*Assigned task:*
Among the entries below, one line contains "line L3 (7, -15.6103) -> (7, -35.6103)" and another contains "(2, -20.61) L0". Transcribe those two lines and every line between them, exactly.

*Supplied material:*
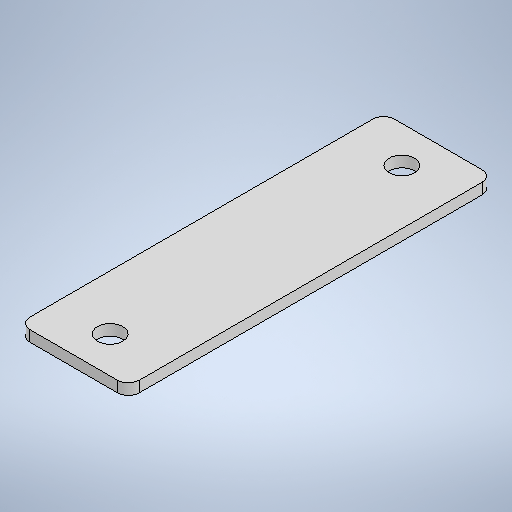
# Autodesk Inventor part: Part2
Saved by Autodesk Inventor 2025 (Build 290162010, 162A)
## iProperties
Created: 2025-11-03
Part Number: Part2
Material: Generic
Description: DIE16(5)|\ 90°|corrY -___°|X_____|bom___
Document SubType Name: Sheet Metal
Designer: admin
Stock Number: МОО 305 шпангоут борт
Mass: 186.989 g
Surface Area: 677.943 cm^2
Volume: 186.989 cm^3
Density: 1 g/cm^3
Sheet Metal Rule: Default
Sheet Metal Width: 0.000 mm
Sheet Metal Length: 0.000 mm
Sheet Metal Area: 0.000 mm^2
Appearance: Default
Author: admin
Autodesk Inventor part; units mm, degrees
ref_plane "YZ Plane" through (0, 0, 0) normal (1, 0, 0) x (0, 1, 0)
ref_plane "XZ Plane" through (0, 0, 0) normal (0, 1, 0) x (-1, 0, 0)
ref_plane "XY Plane" through (0, 0, 0) normal (0, 0, 1) x (1, 0, 0)
sketch "Sketch1" plane through (0, 0, 0) normal (0, 0, 1) x (1, 0, 0)
  line L0 (-30, -100) -> (30, -100)
  line L1 (30, -100) -> (30, 100)
  line L2 (30, 100) -> (-30, 100)
  line L3 (-30, 100) -> (-30, -100)
  line L4 (-30, -100) -> (30, 100) construction
  line L5 (30, -100) -> (-30, 100) construction
  circle A0 centre (0, 80) radius 7
  circle A1 centre (0, -80) radius 7
  line L6 (0, 100) -> (0, -100) construction
  line L7 (-30, 0) -> (30, 0) construction
  point P0 (0, 0)
  point P1 (0, 0)
  dimension "d154" = 60
  dimension "d155" = 200
  dimension "d157" = 20
  dimension "d159" = 14
  measures "d154" distance of L1.end L2.end
  measures "d155" distance of L0.end L1.end
  measures "d157" distance from line of L2 A0.centre
  measures "d159" diameter of A0
extrude "Plate5" add sketch "Sketch1" along normal blind 6
fillet "Corner Round1" radius 6 4 edges at (-30, 100, 3) (30, 100, 3) (30, -100, 3) (-30, -100, 3)
body "Solid3"
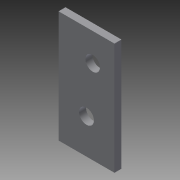
# Autodesk Inventor part: winch mount back support
Saved by Autodesk Inventor 2013 (Build 170138000, 138)
## iProperties
Created: 2013-02-09
Part Number: winch mount back support
Material: Generic
Document SubType Name: Modeling
Designer: Arpan
Density: 1 g/cm^3
Author: Arpan
Autodesk Inventor part; units mm, degrees
ref_plane "YZ Plane" through (0, 0, 0) normal (1, 0, 0) x (0, 1, 0)
ref_plane "XZ Plane" through (0, 0, 0) normal (0, 1, 0) x (-1, 0, 0)
ref_plane "XY Plane" through (0, 0, 0) normal (0, 0, 1) x (1, 0, 0)
sketch "Sketch1" plane through (0, 0, 0) normal (0, 0, 1) x (1, 0, 0)
  line L0 (0, 0) -> (-6.8345, 0)
  line L1 (-6.8345, 0) -> (18.5655, 0)
  line L2 (18.5655, 0) -> (18.5655, 50.8)
  line L3 (18.5655, 50.8) -> (-6.8345, 50.8)
  line L4 (-6.8345, 50.8) -> (-6.8345, 0)
  dimension "d0" = 25.4
  dimension "d1" = 50.8
  constraints: 10 end point, 3 perpendicular, 1 collinear, 1 horizontal
  measures "d0" distance of L0.end L1.end
  measures "d1" distance of L1.end L2.end
extrude "Extrusion1" add sketch "Sketch1" along normal blind 3.175
sketch "Sketch2" plane through (0, 0, 3.175) normal (0, 0, 1) x (1, 0, 0)
  circle A0 centre (5.8655, 15.875) radius 3.3782 projected
  circle A1 centre (8.6877, 38.1) radius 3.302 projected
  point P0 (0, 0)
extrude "Extrusion2" cut sketch "Sketch2" against normal blind 25.4
sketch "Sketch3" plane through (0, 0, 3.175) normal (0, 0, 1) x (1, 0, 0)
  line L0 (-6.8345, 0) -> (18.5655, 0) projected
  line L1 (18.5655, 0) -> (18.5655, 50.8) projected
  line L2 (-6.8345, 50.8) -> (-6.8345, 0) projected
  line L3 (-6.8345, 0) -> (-6.8345, 6.35)
  line L4 (-6.8345, 6.35) -> (18.5655, 6.35)
  point P0 (0, 0)
  dimension "d6" = 6.35
  constraints: 4 end point, 2 point on line, 1 perpendicular
  measures "d6" distance of L0.start L3.end
extrude "Extrusion3" cut sketch "Sketch3" against normal blind 25.4
body "Solid1"
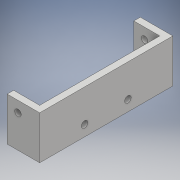
# Autodesk Inventor part: Część2
Saved by Autodesk Inventor 2017 (Build 210142000, 142)
## iProperties
Created: 2019-10-20
Part Number: Część2
Material: Ogólny
Document SubType Name: Modeling
Designer: patry
Density: 1 g/cm^3
Appearance: Domyślna
Author: patry
Autodesk Inventor part; units mm, degrees
ref_plane "YZ Plane" through (0, 0, 0) normal (1, 0, 0) x (0, 1, 0)
ref_plane "XZ Plane" through (0, 0, 0) normal (0, 1, 0) x (-1, 0, 0)
ref_plane "XY Plane" through (0, 0, 0) normal (0, 0, 1) x (1, 0, 0)
sketch "Szkic1" plane through (0, 0, 0) normal (0, 1, 0) x (-1, 0, 0)
  line L0 (7, -35.6103) -> (-8, -35.6103)
  line L1 (-8, -35.6103) -> (-8, -15.6103)
  line L2 (-8, -15.6103) -> (7, -15.6103)
  line L3 (7, -15.6103) -> (7, -35.6103)
  point P0 (0, 0)
  point P1 (2, -20.6103)
  dimension "d21" = 15
  dimension "d22" = 5
  dimension "d23" = 5
  dimension "d24" = 10
  constraints: 8 end point, 2 parallel, 1 horizontal, 1 perpendicular, 1 other
  measures "d21" distance from line of point (2, -20.61) L0
  measures "d22" distance from line of point (2, -20.61) L3
  measures "d23" distance from line of point (2, -20.61) L2
  measures "d24" distance from line of point (2, -20.61) L1
extrude "Wyciągnięcie proste3" add sketch "Szkic1" along normal blind 3
hole "Otwór2" at (-2, 0, -20.6103) direction (0, 1, 0) diameter 3 end through all
sketch "Szkic3" plane through (0, 3, 0) normal (0, 1, 0) x (1, 0, 0)
  line L0 (8, 35.6103) -> (8, 15.6103) projected
  line L1 (8, 35.6103) -> (5, 35.6103)
  line L2 (5, 35.6103) -> (5, 15.6103)
  line L3 (5, 15.6103) -> (8, 15.6103)
  line L4 (8, 15.6103) -> (8, 35.6103)
  point P0 (0, 0)
  dimension "d49" = 3
  constraints: 8 end point, 2 parallel, 1 horizontal, 1 perpendicular
  measures "d49" distance between parallel lines of L2 L0
extrude "Wyciągnięcie proste4" add sketch "Szkic3" along normal blind 55.5
sketch "Szkic4" plane through (0, 58.5, 0) normal (0, 1, 0) x (1, 0, 0)
  line L0 (5, 15.6103) -> (5, 35.6103) projected
  line L1 (5, 35.6103) -> (-7, 35.6103) projected
  line L2 (-7, 35.6103) -> (-7, 15.6103) projected
  line L3 (-7, 15.6103) -> (5, 15.6103) projected
  circle A0 centre (-2, 20.6103) radius 1.5 projected
  line L4 (8, 35.6103) -> (5, 35.6103) projected
  line L5 (5, 35.6103) -> (5, 15.6103) projected
  line L6 (5, 15.6103) -> (8, 15.6103) projected
  line L7 (8, 15.6103) -> (8, 35.6103) projected
  point P0 (0, 0)
extrude "Wyciągnięcie proste5" add sketch "Szkic4" along normal blind 3
sketch "Szkic5" plane through (8, 0, -15.6103) normal (1, 0, 0) x (0, 0, -1)
  line L0 (20, 0) -> (0, 0) projected
  line L1 (20, 0) -> (20, 61.5) projected
  line L2 (0, 61.5) -> (20, 61.5) projected
  line L3 (0, 0) -> (0, 61.5) projected
  point P0 (-15.6103, 0)
  point P1 (15, 40.75)
  point P2 (15, 20.75)
  dimension "d38" = 20
  dimension "d39" = 61.5
  dimension "d40" = 20.75
  dimension "d41" = 5
  measures "d38" distance of point (15, 20.75) point (15, 40.75)
  measures "d39" distance of L0.end L2.start
  measures "d40" distance from line of point (15, 20.75) L0
  measures "d41" distance from line of point (15, 20.75) L1
hole "Otwór3" at (8, 40.75, -30.6103) at (8, 20.75, -30.6103) direction (-1, 0, 0) diameter 3 end through all
equation "\"d22\" = d23"
equation "\"d40\" = 0.5 * d39 - 0.5 * d38"
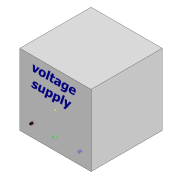
# Autodesk Inventor part: voltage_supply
Saved by Autodesk Inventor 2021 (Build 250183000, 183)
## iProperties
Created: 2022-02-10
Part Number: voltage_supply
Material: Типовые
Document SubType Name: Modeling
Designer: Тиннелла о Каллинике
Density: 1 g/cm^3
Appearance: По умолчанию
Author: Тиннелла о Каллинике
Autodesk Inventor part; units mm, degrees
ref_plane "YZ Plane" through (0, 0, 0) normal (1, 0, 0) x (0, 1, 0)
ref_plane "XZ Plane" through (0, 0, 0) normal (0, 1, 0) x (-1, 0, 0)
sketch "Эскиз1" plane through (0, 0, 0) normal (0, 0, 1) x (1, 0, 0)
  line L0 (-5, 5) -> (5, 5)
  line L1 (5, 5) -> (5, -5)
  line L2 (5, -5) -> (-5, -5)
  line L3 (-5, -5) -> (-5, 5)
  point P0 (0, 0)
  point P1 (5, 0)
  point P2 (0, 5)
  dimension "d0" = 10
  dimension "d1" = 10
  constraints: 8 end point, 2 midpoint, 2 parallel, 1 horizontal, 1 horizontal alignment, 1 perpendicular, 1 vertical alignment
  measures "d0" distance of L0.end L1.end
  measures "d1" distance of L0.start L0.end
extrude "Выдавливание1" add sketch "Эскиз1" against normal blind 10
sketch "Эскиз2" plane through (0, 0, 0) normal (0, 0, 1) x (1, 0, 0)
  line L0 (-3.4766, 4.33) -> (6.5107, 4.33) construction
  line L1 (6.5107, 4.33) -> (6.5107, 1.2958) construction
  line L2 (6.5107, 1.2958) -> (-3.4766, 1.2958) construction
  line L3 (-3.4766, 1.2958) -> (-3.4766, 4.33) construction
  point P0 (0, 0)
  constraints: 2 other
ref_plane "РабПлоскость1" through (0, 0, 0) normal (0, 0, 1) x (1, 0, 0)
sketch "Эскиз3" plane through (0, 0, 0) normal (0, 0, 1) x (1, 0, 0)
  circle A0 centre (-3.2379, -3.1898) radius 0.15
  point P0 (0, 0)
  dimension "d5" = 0.3
  constraints: 1 centre point
  measures "d5" diameter of A0
extrude "Выдавливание2" add sketch "Эскиз3" along normal blind 0.3 separate body
sketch "Эскиз4" plane through (0, 0, 0) normal (0, 0, 1) x (1, 0, 0)
  circle A0 centre (0, -3.1898) radius 0.15
  point P0 (0, 0)
  dimension "d10" = 0.3
  constraints: 1 centre point
  measures "d10" diameter of A0
extrude "Выдавливание3" add sketch "Эскиз4" along normal blind 0.3 separate body
sketch "Эскиз5" plane through (0, 0, 0) normal (0, 0, 1) x (1, 0, 0)
  circle A0 centre (3.5688, -3.1898) radius 0.15
  point P0 (0, 0)
  dimension "d13" = 0.3
  constraints: 1 centre point
  measures "d13" diameter of A0
extrude "Выдавливание4" add sketch "Эскиз5" along normal blind 0.3 separate body

*Answer to this problem:*
  line L3 (7, -15.6103) -> (7, -35.6103)
  point P0 (0, 0)
  point P1 (2, -20.6103)
  dimension "d21" = 15
  dimension "d22" = 5
  dimension "d23" = 5
  dimension "d24" = 10
  constraints: 8 end point, 2 parallel, 1 horizontal, 1 perpendicular, 1 other
  measures "d21" distance from line of point (2, -20.61) L0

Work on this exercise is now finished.